Work to be completed: The first line of the entries through the line bearing "#25=VECTOR('',#24,1.);": copy these lines exactly and return nothing else.

[Records from a collection]
[Start of Attachment]

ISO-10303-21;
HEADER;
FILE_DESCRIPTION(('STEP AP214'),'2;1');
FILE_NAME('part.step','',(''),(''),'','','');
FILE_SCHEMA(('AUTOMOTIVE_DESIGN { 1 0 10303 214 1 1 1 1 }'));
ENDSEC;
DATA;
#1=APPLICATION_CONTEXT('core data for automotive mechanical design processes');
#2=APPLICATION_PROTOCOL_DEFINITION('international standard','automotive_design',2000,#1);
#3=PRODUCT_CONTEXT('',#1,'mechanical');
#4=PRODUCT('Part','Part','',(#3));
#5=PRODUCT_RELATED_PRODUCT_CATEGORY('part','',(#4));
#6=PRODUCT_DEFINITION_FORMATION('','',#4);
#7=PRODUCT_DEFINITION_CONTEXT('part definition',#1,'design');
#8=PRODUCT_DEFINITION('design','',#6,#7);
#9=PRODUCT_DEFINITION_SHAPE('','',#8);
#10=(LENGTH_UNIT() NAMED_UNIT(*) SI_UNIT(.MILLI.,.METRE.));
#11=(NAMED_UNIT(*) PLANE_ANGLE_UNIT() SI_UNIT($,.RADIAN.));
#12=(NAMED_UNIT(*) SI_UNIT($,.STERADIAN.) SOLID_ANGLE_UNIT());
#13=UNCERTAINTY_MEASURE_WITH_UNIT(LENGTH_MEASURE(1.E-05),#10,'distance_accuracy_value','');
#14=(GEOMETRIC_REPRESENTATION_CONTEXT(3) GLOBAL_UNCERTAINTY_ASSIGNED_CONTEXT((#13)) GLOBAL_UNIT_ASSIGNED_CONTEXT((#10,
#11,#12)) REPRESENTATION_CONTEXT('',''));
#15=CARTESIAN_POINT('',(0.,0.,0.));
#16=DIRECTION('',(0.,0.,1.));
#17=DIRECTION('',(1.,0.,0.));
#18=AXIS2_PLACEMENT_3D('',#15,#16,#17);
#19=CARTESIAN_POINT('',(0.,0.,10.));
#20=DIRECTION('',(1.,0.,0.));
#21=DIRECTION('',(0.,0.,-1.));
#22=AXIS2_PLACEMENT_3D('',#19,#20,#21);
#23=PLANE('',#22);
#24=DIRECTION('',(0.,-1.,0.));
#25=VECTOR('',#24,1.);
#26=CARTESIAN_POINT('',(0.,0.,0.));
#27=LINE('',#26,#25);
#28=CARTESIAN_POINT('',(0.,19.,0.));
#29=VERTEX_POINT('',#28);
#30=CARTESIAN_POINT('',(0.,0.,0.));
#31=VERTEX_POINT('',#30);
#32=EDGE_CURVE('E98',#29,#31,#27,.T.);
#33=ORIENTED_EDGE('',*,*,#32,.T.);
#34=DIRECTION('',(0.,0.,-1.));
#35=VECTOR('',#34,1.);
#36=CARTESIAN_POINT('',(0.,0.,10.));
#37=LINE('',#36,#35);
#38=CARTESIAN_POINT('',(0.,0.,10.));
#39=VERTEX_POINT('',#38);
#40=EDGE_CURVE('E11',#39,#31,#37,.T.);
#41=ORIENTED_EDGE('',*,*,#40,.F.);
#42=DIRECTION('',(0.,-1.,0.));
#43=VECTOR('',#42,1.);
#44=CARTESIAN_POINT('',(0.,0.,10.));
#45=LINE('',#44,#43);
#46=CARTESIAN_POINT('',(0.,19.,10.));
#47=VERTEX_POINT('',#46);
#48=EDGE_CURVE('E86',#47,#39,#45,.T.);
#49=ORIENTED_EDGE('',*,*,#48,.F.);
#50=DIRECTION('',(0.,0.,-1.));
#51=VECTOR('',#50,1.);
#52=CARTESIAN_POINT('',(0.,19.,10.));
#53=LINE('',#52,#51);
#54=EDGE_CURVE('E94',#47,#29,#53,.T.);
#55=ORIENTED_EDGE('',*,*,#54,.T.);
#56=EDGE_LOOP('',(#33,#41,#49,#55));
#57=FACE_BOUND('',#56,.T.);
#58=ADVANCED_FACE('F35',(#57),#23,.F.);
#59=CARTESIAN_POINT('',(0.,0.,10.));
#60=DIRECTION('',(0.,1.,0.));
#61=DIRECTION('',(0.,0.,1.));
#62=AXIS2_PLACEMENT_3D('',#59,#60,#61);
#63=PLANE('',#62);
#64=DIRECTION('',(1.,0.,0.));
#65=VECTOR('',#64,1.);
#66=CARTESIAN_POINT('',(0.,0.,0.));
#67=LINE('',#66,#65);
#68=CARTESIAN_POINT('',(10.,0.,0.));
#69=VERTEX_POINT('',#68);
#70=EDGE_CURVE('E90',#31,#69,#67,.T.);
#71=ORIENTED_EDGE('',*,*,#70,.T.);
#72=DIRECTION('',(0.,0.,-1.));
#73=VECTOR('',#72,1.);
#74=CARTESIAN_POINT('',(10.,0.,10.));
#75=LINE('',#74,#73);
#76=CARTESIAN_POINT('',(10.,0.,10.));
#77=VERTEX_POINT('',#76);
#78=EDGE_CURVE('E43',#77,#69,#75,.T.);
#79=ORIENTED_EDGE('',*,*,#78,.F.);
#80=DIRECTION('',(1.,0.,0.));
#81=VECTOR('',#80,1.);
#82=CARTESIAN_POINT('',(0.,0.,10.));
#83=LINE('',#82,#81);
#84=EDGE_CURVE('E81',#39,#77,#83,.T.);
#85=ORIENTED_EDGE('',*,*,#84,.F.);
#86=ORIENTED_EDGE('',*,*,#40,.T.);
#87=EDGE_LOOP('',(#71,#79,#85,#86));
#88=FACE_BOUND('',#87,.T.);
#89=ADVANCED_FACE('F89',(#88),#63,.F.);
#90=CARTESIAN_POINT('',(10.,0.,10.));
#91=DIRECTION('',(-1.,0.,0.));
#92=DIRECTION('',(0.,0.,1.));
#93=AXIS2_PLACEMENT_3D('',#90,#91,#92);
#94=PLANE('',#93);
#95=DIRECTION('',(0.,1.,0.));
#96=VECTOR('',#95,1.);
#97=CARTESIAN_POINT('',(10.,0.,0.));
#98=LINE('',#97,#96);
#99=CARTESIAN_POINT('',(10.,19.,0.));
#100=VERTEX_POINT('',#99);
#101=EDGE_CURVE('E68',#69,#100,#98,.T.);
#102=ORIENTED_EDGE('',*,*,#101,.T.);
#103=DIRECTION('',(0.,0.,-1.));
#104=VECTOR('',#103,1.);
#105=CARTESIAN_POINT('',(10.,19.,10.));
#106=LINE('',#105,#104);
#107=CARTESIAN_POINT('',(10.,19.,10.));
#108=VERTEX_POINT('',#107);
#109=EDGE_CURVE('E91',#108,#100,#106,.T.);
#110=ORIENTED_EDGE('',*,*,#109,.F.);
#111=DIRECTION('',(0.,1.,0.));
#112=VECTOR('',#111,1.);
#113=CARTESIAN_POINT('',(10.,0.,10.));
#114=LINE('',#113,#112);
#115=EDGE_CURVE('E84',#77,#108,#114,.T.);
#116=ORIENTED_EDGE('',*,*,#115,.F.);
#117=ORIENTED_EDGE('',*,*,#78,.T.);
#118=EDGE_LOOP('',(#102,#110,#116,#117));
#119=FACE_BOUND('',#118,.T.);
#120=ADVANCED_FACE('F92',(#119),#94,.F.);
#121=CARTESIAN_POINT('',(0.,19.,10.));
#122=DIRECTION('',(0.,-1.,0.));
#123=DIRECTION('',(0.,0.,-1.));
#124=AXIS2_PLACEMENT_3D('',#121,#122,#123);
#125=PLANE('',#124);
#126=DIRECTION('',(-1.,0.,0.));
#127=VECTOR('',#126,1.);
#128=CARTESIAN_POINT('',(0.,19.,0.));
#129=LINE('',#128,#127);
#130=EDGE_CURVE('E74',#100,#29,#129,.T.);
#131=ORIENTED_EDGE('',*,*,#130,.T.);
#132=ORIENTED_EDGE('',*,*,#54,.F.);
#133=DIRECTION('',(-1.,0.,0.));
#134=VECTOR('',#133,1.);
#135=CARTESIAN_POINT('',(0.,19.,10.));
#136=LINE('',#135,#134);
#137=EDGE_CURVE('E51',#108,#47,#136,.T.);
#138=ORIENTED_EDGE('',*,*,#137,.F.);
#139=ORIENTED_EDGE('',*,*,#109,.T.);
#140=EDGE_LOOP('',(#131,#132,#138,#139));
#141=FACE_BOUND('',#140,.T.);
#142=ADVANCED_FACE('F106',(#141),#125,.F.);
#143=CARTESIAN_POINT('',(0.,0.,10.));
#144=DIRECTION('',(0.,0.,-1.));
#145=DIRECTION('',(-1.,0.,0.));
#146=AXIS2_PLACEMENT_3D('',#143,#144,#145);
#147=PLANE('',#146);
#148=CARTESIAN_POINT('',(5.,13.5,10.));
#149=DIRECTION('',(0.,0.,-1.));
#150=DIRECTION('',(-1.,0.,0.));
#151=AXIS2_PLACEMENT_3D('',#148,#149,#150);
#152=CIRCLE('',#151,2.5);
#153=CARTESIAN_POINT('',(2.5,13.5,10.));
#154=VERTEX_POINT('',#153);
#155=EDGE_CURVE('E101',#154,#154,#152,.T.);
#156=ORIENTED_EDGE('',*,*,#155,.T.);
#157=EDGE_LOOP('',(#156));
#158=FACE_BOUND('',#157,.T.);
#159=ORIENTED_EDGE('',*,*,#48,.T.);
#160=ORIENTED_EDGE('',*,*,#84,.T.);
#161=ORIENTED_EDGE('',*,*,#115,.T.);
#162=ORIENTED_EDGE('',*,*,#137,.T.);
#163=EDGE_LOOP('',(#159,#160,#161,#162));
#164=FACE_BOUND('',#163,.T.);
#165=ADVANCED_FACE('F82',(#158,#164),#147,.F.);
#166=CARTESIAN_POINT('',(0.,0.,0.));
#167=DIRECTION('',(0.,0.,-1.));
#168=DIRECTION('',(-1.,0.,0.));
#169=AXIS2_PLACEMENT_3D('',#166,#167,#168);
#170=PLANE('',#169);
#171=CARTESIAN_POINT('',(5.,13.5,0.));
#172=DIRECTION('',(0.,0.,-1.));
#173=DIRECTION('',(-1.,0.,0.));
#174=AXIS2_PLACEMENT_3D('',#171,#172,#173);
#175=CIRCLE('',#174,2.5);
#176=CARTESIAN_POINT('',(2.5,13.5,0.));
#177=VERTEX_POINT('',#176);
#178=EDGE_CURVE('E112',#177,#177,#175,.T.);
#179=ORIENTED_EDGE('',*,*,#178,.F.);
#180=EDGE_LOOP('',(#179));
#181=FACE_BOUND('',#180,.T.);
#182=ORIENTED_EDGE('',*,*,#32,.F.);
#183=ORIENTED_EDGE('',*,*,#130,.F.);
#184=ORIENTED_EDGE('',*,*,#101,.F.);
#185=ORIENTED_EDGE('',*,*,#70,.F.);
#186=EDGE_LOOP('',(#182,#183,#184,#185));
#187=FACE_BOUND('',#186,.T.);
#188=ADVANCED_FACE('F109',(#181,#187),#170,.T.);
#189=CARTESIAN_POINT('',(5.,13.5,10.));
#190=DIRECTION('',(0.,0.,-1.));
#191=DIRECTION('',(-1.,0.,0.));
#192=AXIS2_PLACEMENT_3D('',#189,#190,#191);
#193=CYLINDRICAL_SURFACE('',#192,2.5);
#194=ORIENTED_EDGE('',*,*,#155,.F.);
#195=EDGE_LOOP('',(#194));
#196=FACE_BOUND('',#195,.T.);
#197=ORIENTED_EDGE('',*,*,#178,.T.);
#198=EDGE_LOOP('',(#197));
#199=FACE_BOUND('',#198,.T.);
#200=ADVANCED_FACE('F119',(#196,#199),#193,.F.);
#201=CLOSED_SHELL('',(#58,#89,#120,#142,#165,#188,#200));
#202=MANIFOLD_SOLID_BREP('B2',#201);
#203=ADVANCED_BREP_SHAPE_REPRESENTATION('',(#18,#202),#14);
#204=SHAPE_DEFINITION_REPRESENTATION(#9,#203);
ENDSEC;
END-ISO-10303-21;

[End of Attachment]

Result of the exercise:
ISO-10303-21;
HEADER;
FILE_DESCRIPTION(('STEP AP214'),'2;1');
FILE_NAME('part.step','',(''),(''),'','','');
FILE_SCHEMA(('AUTOMOTIVE_DESIGN { 1 0 10303 214 1 1 1 1 }'));
ENDSEC;
DATA;
#1=APPLICATION_CONTEXT('core data for automotive mechanical design processes');
#2=APPLICATION_PROTOCOL_DEFINITION('international standard','automotive_design',2000,#1);
#3=PRODUCT_CONTEXT('',#1,'mechanical');
#4=PRODUCT('Part','Part','',(#3));
#5=PRODUCT_RELATED_PRODUCT_CATEGORY('part','',(#4));
#6=PRODUCT_DEFINITION_FORMATION('','',#4);
#7=PRODUCT_DEFINITION_CONTEXT('part definition',#1,'design');
#8=PRODUCT_DEFINITION('design','',#6,#7);
#9=PRODUCT_DEFINITION_SHAPE('','',#8);
#10=(LENGTH_UNIT() NAMED_UNIT(*) SI_UNIT(.MILLI.,.METRE.));
#11=(NAMED_UNIT(*) PLANE_ANGLE_UNIT() SI_UNIT($,.RADIAN.));
#12=(NAMED_UNIT(*) SI_UNIT($,.STERADIAN.) SOLID_ANGLE_UNIT());
#13=UNCERTAINTY_MEASURE_WITH_UNIT(LENGTH_MEASURE(1.E-05),#10,'distance_accuracy_value','');
#14=(GEOMETRIC_REPRESENTATION_CONTEXT(3) GLOBAL_UNCERTAINTY_ASSIGNED_CONTEXT((#13)) GLOBAL_UNIT_ASSIGNED_CONTEXT((#10,
#11,#12)) REPRESENTATION_CONTEXT('',''));
#15=CARTESIAN_POINT('',(0.,0.,0.));
#16=DIRECTION('',(0.,0.,1.));
#17=DIRECTION('',(1.,0.,0.));
#18=AXIS2_PLACEMENT_3D('',#15,#16,#17);
#19=CARTESIAN_POINT('',(0.,0.,10.));
#20=DIRECTION('',(1.,0.,0.));
#21=DIRECTION('',(0.,0.,-1.));
#22=AXIS2_PLACEMENT_3D('',#19,#20,#21);
#23=PLANE('',#22);
#24=DIRECTION('',(0.,-1.,0.));
#25=VECTOR('',#24,1.);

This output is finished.